Inter ma anche Bologna e Napoli. E infine Pistoiese. E la nazionale. Ai Mondiali argentini del 1978, una squadra forse più bella di quella iridata di quattro anni dopo. Metà bianconera e metà granata. Più che l' Italia era Torojuve. Con un' eccezione: Mauro Bellugi. «Dicevano, lo so, che Bellugi ha una gamba più corta, che era una pazzia farmi giocare in nazionale, che Bearzot si era... innamorato di me.
Ho letto, ho ascoltato, ho taciuto. Io preferisco rispondere sul campo. Il calcio è il mio mestiere: non l' ho mai tradito, non lo tradirò mai. Bellugi è un uomo». Del resto l' aveva dimostrato a Wembley nel 1973, la prima vittoria degli azzurri nello stadio-tempio degli inglesi. L' assedio dei leoni bianchi. Incessante. Spaventoso.
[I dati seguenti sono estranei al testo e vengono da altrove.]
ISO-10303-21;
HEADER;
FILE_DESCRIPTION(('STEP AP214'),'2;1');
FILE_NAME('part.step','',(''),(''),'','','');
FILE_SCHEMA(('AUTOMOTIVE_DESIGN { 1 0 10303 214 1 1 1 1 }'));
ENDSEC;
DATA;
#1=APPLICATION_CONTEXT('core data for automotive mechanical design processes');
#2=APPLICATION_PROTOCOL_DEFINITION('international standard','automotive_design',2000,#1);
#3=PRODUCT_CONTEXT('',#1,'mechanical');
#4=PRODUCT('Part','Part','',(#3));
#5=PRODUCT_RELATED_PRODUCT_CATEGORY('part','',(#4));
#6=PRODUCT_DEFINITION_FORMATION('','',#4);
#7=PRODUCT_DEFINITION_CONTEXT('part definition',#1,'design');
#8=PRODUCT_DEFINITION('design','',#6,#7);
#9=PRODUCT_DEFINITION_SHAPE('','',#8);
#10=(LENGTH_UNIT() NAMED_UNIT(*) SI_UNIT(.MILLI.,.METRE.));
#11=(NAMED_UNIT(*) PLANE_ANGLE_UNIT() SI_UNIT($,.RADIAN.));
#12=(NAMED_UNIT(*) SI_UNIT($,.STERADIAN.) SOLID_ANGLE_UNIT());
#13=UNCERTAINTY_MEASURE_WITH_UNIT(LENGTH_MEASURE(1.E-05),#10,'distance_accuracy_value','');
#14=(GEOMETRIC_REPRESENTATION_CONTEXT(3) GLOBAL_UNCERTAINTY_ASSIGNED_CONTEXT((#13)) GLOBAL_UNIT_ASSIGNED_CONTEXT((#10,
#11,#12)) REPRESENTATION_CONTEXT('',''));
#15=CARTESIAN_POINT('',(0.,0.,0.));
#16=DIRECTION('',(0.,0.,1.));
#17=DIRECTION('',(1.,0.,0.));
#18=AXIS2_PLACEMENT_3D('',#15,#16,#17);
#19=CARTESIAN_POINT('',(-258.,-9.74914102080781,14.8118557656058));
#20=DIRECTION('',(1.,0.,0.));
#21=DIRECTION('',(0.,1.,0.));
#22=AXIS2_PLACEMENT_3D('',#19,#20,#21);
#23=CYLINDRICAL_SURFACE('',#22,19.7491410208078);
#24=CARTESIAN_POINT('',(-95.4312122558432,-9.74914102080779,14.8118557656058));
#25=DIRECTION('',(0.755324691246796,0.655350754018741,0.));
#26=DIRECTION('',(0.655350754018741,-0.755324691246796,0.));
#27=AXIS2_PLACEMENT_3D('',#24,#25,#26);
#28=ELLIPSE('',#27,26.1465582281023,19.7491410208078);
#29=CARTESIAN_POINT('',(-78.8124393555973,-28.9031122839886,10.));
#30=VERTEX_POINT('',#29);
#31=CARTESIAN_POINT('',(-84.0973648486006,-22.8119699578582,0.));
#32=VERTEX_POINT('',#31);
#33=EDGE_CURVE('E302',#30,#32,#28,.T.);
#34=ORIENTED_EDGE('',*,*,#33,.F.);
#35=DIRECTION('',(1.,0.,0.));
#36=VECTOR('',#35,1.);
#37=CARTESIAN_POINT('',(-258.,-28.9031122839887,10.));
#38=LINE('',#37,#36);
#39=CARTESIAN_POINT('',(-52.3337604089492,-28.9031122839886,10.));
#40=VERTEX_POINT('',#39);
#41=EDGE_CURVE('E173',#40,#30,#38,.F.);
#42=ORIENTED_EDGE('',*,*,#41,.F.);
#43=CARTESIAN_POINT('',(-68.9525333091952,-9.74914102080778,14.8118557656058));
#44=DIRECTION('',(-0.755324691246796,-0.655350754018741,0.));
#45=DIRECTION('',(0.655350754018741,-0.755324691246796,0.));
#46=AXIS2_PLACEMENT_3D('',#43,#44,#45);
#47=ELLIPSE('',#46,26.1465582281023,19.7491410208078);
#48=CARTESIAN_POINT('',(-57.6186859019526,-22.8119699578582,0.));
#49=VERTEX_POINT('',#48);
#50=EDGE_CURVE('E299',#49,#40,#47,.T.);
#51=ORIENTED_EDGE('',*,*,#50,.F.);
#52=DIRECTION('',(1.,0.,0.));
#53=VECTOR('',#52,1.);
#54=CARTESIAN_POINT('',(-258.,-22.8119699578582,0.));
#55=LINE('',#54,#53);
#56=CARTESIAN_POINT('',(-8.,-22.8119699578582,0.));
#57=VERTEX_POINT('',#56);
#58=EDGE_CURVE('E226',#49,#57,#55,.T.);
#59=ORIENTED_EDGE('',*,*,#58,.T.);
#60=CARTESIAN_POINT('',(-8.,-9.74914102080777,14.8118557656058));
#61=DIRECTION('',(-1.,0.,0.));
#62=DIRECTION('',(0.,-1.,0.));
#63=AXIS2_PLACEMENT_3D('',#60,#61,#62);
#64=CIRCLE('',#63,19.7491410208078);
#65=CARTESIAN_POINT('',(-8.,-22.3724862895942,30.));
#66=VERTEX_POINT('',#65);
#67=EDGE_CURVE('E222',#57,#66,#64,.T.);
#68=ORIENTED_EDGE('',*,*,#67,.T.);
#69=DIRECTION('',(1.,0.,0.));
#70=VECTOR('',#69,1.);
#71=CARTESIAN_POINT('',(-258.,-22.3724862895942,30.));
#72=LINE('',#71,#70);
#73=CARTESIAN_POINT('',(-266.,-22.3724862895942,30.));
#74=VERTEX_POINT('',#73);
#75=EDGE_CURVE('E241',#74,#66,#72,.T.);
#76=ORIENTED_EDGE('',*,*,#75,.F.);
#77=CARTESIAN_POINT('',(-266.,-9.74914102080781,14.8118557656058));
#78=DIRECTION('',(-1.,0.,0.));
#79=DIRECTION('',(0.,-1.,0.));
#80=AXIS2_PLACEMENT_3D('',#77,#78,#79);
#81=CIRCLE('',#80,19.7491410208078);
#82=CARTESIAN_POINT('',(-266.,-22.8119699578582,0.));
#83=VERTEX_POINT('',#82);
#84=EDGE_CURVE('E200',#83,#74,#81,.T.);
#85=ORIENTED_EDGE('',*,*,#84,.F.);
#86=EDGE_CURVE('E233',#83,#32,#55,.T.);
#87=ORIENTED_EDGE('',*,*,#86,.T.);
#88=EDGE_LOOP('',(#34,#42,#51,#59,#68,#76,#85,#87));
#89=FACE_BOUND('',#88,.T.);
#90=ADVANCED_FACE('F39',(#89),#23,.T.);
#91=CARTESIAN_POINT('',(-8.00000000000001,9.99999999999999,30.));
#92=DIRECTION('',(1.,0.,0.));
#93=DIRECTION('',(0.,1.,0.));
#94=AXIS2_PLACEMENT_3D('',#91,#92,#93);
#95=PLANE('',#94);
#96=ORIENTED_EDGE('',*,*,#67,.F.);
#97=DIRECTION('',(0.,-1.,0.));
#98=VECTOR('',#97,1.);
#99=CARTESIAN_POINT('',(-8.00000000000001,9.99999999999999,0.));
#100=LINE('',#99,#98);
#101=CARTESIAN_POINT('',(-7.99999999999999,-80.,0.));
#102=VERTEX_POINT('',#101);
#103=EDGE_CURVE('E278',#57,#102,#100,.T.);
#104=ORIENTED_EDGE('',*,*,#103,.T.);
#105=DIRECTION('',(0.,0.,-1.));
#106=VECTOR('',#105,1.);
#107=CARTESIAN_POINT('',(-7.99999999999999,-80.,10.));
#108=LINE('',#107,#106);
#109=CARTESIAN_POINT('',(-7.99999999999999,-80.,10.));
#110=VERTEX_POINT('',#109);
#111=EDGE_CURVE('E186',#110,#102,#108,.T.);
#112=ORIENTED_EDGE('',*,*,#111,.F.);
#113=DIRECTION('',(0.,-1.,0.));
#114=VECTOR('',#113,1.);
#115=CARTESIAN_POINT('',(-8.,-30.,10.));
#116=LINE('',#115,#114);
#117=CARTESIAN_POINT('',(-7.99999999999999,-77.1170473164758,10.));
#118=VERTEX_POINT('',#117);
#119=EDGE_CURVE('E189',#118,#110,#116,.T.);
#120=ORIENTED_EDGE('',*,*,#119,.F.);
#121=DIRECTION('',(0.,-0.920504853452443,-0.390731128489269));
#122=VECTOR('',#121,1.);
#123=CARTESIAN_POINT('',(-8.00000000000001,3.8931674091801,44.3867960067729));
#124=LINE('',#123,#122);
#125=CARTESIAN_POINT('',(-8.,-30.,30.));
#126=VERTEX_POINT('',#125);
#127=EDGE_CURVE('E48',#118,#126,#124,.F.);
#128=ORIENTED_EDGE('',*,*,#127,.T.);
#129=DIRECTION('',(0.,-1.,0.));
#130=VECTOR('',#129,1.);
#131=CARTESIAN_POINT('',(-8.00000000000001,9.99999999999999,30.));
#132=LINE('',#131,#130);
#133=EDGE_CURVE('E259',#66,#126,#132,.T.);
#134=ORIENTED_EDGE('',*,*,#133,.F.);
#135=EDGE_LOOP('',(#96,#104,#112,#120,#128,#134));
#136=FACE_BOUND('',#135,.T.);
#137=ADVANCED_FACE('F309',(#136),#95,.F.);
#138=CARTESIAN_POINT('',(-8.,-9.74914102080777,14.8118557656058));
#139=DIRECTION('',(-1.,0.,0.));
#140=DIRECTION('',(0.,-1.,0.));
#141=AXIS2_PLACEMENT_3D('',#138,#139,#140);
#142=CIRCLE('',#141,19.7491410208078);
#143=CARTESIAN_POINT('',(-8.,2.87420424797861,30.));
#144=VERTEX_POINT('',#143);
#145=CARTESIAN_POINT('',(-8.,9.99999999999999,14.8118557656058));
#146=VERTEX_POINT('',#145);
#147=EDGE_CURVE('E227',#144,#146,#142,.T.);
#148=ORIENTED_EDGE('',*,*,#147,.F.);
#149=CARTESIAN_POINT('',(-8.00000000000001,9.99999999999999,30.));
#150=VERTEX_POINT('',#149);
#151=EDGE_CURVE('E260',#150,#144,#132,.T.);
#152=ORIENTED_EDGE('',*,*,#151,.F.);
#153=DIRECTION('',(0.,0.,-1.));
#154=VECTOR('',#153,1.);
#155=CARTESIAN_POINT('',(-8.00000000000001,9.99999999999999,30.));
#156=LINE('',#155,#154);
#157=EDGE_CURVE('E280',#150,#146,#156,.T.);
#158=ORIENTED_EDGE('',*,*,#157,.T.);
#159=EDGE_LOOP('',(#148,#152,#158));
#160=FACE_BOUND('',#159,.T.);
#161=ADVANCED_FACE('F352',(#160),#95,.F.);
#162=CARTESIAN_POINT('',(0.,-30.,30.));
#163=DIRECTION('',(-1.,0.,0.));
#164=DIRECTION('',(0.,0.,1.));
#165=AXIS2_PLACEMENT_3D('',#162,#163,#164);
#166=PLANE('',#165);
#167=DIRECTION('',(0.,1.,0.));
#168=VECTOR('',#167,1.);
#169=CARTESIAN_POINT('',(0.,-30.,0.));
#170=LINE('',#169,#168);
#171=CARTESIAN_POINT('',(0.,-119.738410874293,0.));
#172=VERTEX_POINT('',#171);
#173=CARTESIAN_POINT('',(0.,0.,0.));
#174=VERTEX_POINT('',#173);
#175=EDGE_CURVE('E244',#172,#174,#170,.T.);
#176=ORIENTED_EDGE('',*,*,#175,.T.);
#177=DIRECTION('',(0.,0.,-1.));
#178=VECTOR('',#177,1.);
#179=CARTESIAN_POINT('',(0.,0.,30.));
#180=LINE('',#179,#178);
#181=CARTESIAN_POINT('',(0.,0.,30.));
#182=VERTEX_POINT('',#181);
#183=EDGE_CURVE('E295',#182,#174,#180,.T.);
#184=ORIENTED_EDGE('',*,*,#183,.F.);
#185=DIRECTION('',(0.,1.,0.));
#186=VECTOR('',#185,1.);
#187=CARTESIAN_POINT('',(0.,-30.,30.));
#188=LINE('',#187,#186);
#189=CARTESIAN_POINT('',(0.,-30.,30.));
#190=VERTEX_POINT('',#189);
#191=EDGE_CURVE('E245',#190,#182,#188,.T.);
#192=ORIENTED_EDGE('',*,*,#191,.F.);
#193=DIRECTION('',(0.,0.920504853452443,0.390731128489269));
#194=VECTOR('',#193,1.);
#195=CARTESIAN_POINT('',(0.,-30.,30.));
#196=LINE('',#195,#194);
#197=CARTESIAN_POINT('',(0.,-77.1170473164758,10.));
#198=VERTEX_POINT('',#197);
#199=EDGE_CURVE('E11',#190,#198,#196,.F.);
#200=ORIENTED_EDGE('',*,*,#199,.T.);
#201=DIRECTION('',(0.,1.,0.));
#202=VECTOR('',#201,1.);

Bellugi con le basette lunghe che si usavano nei fantastici anni Settanta a rispondere colpo su colpo.
Mauro Bellugi
Che gli italiani non si facevano spaventare dall' orda britannica.
Un giocatore di classe quando agli stopper era richiesto solo di spazzare l' area e non azzardarsi a tenere la palla più di qualche secondo. Corretto ma se c' era da picchiare non si tirava indietro. Con il tedesco Klaus Fischer, per esempio, ancora ai Mondiali del '78: «Credeva di intimidirmi entrando a catapulta, scalciando, colpendomi come e non appena poteva. Lo hai visto come è finita: in una entrata volante, ho allargato il gomito, c' è finito contro con il viso, è piombato il medico a cucirgli il labbro che penzolava sul mento, lì sul campo di gioco... io non cerco la rissa, ma se mi cercano mi trovano sempre».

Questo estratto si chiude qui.